I had Nelson Beebe building Zile on about 30 different systems, and on
some, e.g. Mac OS X, DejaGnu wouldn't work.

>  Tcl has become unmaintained, and expect not much better.

Tcl seems to have received a lot of attention recently, so perhaps there's
hope there.

I'm sorry, I forget the exact details of my last problem, which was to do
with detecting processes finishing, or perhaps killing them, but when I read
up on it it seemed to be something I couldn't reliably fix in Tcl.
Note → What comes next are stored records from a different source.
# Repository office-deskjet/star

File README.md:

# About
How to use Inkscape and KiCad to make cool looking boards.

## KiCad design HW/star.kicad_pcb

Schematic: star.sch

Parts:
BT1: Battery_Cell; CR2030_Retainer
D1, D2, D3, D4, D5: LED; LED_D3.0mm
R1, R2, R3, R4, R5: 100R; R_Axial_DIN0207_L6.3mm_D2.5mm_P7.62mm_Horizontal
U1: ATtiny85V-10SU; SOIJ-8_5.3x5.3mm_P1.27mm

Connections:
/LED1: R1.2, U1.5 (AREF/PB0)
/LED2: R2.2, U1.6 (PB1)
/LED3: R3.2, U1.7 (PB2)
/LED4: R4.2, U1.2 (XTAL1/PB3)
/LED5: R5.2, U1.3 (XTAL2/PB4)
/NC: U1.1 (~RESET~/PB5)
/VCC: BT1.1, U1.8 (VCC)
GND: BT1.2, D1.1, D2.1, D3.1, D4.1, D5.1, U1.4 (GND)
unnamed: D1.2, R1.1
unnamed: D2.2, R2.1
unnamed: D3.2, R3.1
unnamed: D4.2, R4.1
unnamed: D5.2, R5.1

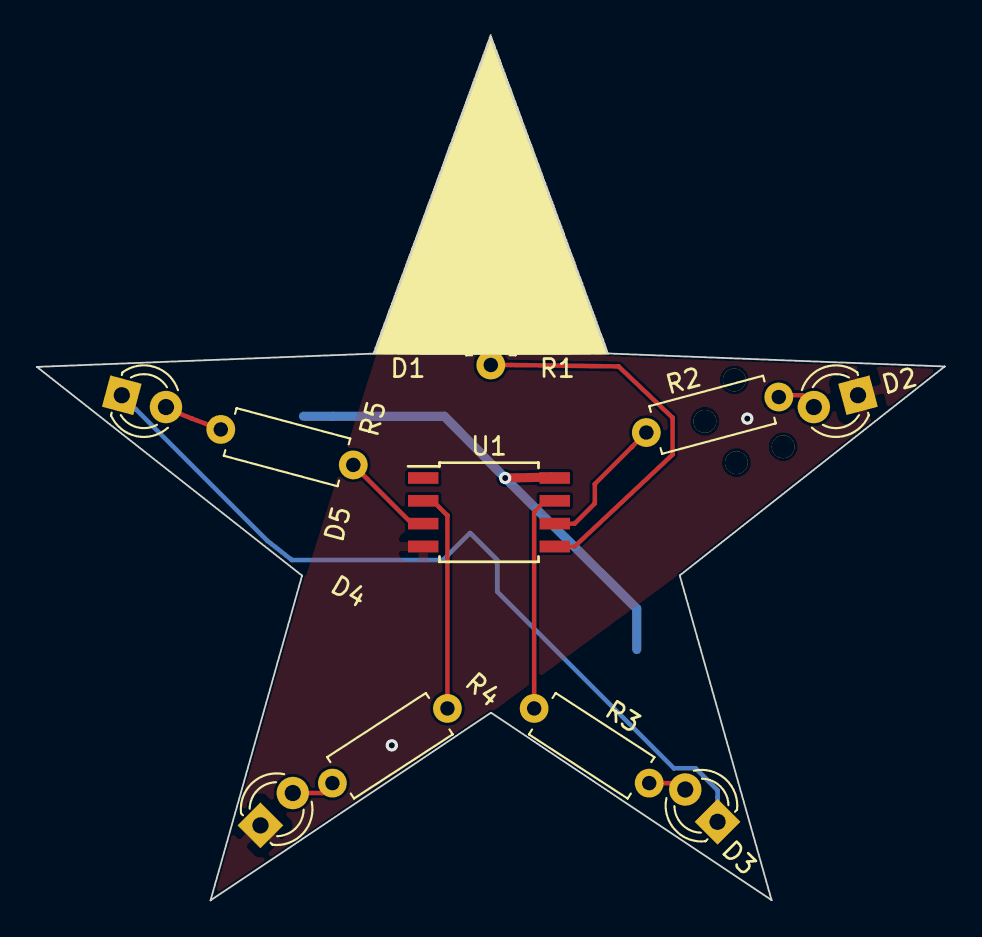
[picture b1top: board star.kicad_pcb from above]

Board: 2 copper layers, 50.4 x 48.0 mm, 12 parts (1 on the bottom side), 12 nets.

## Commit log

2018-09-24 added art and started schematic
2018-09-24 added gitignor and ref desg
2018-09-24 moved directory, added net
2018-09-24 done with layout
2018-09-24 idk stuff changed
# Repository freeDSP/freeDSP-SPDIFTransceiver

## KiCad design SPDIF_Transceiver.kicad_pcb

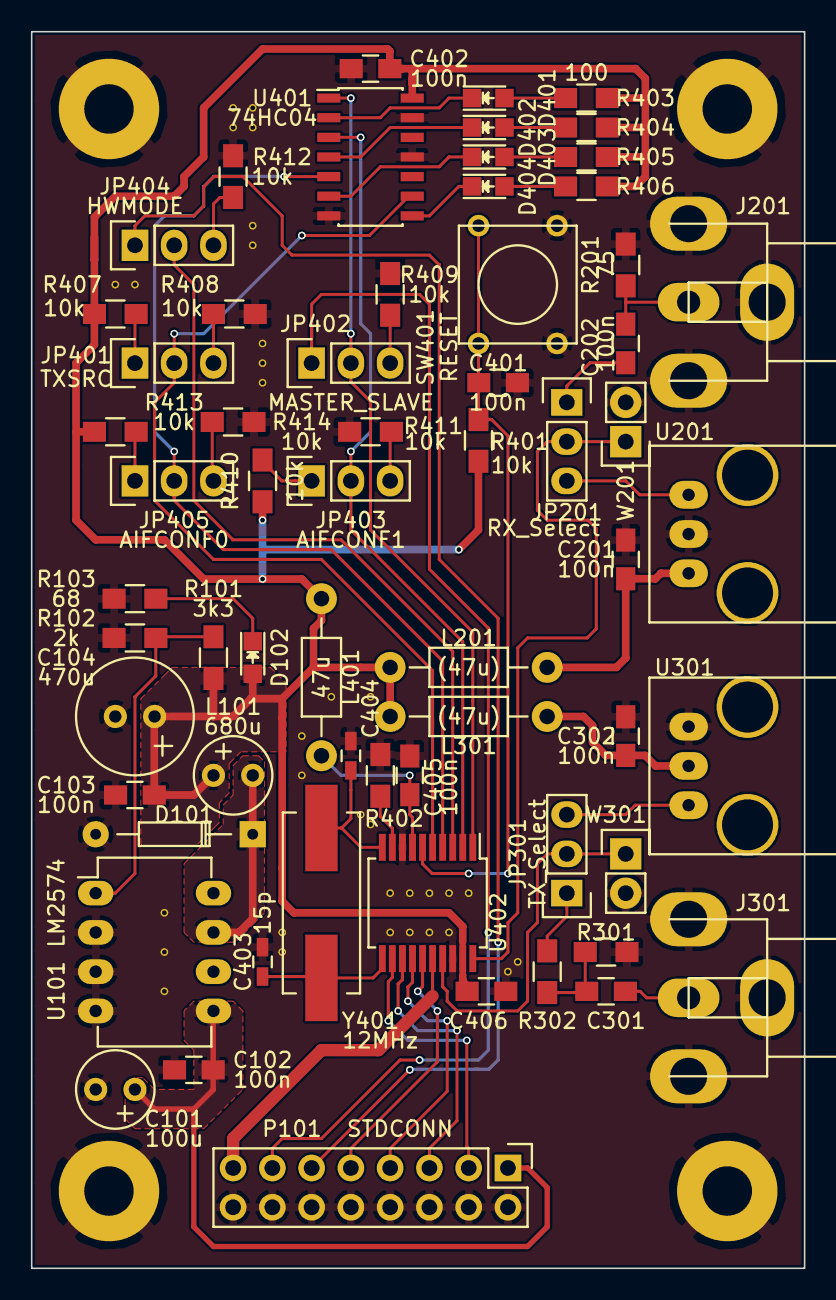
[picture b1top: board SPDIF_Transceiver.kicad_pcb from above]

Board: 2 copper layers, 50.0 x 80.0 mm, 63 parts (0 on the bottom side), 50 nets.

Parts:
C101: 100u; Elko_vert_11x5mm_RM2.5_CopperClear
C102, C103, C201, C202, C301, C302, C401, C402, C405, C406: 100n; C_0805_HandSoldering
C104: 470u; Elko_vert_11.2x7.5mm_RM2.5_CopperClear
C403, C404: 15p; C_0603_HandSoldering
D101: D_Schottky; Diode_DO-35_SOD27_Horizontal_RM10
D102: Green; LED-0805
D401, D402, D403, D404: Yellow; LED-0805
J201: SPDIF_IN; CB-5
J301: SPDIF_OUT; CB-5
JP201: RX_Select; Pin_Header_Straight_1x03
JP301: TX_Select; Pin_Header_Straight_1x03
JP401: TXSRC; Pin_Header_Straight_1x03
JP402: MASTER_SLAVE; Pin_Header_Straight_1x03
JP403: AIFCONF1; Pin_Header_Straight_1x03
JP404: HWMODE; Pin_Header_Straight_1x03
JP405: AIFCONF0; Pin_Header_Straight_1x03
L101: 680u; Elko_vert_11x5mm_RM2.5_CopperClear
L201, L301: (47u); Resistor_Horizontal_RM10mm
L401: 47u; Resistor_Horizontal_RM10mm
P101: STDCONN; Pin_Header_Straight_2x08
R101: 3k3; R_0805_HandSoldering
R102: 2k; R_0805_HandSoldering
R103: 68; R_0805_HandSoldering
R201: 75; R_0805_HandSoldering
R301: 110; R_0805_HandSoldering
R302: 210; R_0805_HandSoldering
R401, R407, R408, R409, R410, R411, R412, R413, R414: 10k; R_0805_HandSoldering
R402: 50; R_0805_HandSoldering
R403, R404, R405, R406: 100; R_0805_HandSoldering
SW401: RESET; SW_PUSH_SMALL
U101: LM2574; DIP-8_W7.62mm_LongPads
U201: TORX147; TOxx147
U301: TOTX147; TOxx147
U401: 74HC04; SOIC-14_3.9x8.7mm_Pitch1.27mm
U402: WM8804; SSOP-20_5.3x7.2mm_Pitch0.65mm
W201: SPDIF_RX_TEST; Pin_Header_Straight_1x02
W301: SPDIF_TX_TEST; Pin_Header_Straight_1x02
Y401: 12MHz; Crystal_HC49-SD_SMD

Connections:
+3V3: C103.1, C104.1, C402.1, C406.1, D102.2, L101.1, L201.1, L301.1, L401.1, R101.1, R401.1, R403.2, R404.2, R405.2, R406.2, R407.1, R410.1, R413.1, U401.14, U402.19
+12V: C101.1, C102.1, P101.1, U101.5
/SPDIF_Input/SPDIF_RX: JP201.2, U402.20, W201.1
/SPDIF_Output/SPDIF_TX: JP301.2, U402.17, W301.1
/Transceiver/AIFCONF0: JP405.2, U401.5, U402.4
/Transceiver/AIFCONF1: JP403.2, U401.3, U402.2
/Transceiver/BCLK: P101.7, U402.14
/Transceiver/DIN: P101.5, U402.13
/Transceiver/DOUT: P101.3, U402.12
/Transceiver/HWMODE: JP404.2, U402.3
/Transceiver/LRCLK: P101.9, U402.15
/Transceiver/MASTER_SLAVE: JP402.2, U401.1, U402.1
/Transceiver/MCLK: P101.15, U402.16
/Transceiver/PVDD: C405.1, L401.2, U402.7
/Transceiver/RESET: C401.1, R401.2, SW401.1, U402.6
/Transceiver/SCL: JP402.1, P101.13
/Transceiver/SDA: JP404.1, P101.11
/Transceiver/TXSRC: JP401.2, U401.9, U402.5
GND: C101.2, C102.2, C103.2, C104.2, C201.1, C302.1, C401.2, C402.2, C403.2, C404.2, C405.2, C406.2, D101.2, J201.2, J301.2, P101.2, P101.4, P101.6, P101.8, P101.10, P101.12, P101.14, P101.16, R102.2, R103.2, R201.2, R301.2, R402.2, R408.2, R409.2, R411.2, R412.2, R414.2, SW401.2, U101.2, U101.3, U101.4, U201.2, U301.1, U401.7, U401.11, U401.13, U402.8, U402.18, W201.2, W301.2
unnamed: C201.2, L201.2, U201.3
unnamed: C202.1, J201.1, R201.1
unnamed: C202.2, JP201.1
unnamed: C301.1, J301.1
unnamed: C301.2, R301.1, R302.2
unnamed: C302.2, L301.2, U301.2
unnamed: C403.1, U402.11, Y401.1
unnamed: C404.1, U402.10, Y401.2
unnamed: D101.1, L101.2, U101.7
unnamed: D102.1, R103.1
unnamed: D401.1, U401.2
unnamed: D401.2, R403.1
unnamed: D402.1, U401.4
unnamed: D402.2, R404.1
unnamed: D403.1, U401.6
unnamed: D403.2, R405.1
unnamed: D404.1, U401.8
unnamed: D404.2, R406.1
unnamed: JP201.3, U201.1
unnamed: JP301.1, R302.1
unnamed: JP301.3, U301.3
unnamed: JP401.1, R407.2
unnamed: JP401.3, R408.1
unnamed: JP402.3, R409.1
unnamed: JP403.1, R410.2
unnamed: JP403.3, R411.1
unnamed: JP404.3, R412.1
unnamed: JP405.1, R413.2
unnamed: JP405.3, R414.1
unnamed: R101.2, R102.1, U101.1
unnamed: R402.1, U402.9

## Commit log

2016-05-15 Created Schematic.
2016-05-16 Added board layout.
2016-05-16 Little changes, added Gerber Files.
2016-05-30 Added BOM
2016-11-18 pre update

I also spent ages trying to get around timing problems with ncurses. I did
in the end solve this reliably, but the tests still ran slowly, as waiting
for the test processes to exit took time. In the end rewriting the entire
test suite not to use DejaGnu took about the same time as solving that
problem had, and ended up with one less build-time dependency, and a test
suite that ran much faster, and was simpler to write tests for (because I
could write most of them in Emacs Lisp rather than having to program them
interactively).

I don't doubt that if I had more programs which needed interactive testing
and which were perhaps not using ncurses or didn't have the natural
extensibility of an Emacs-like editor, then it would indeed be more natural
to use DejaGnu; I just had a particular set of circumstances in which that
didn't, in the end, seem to be the best way.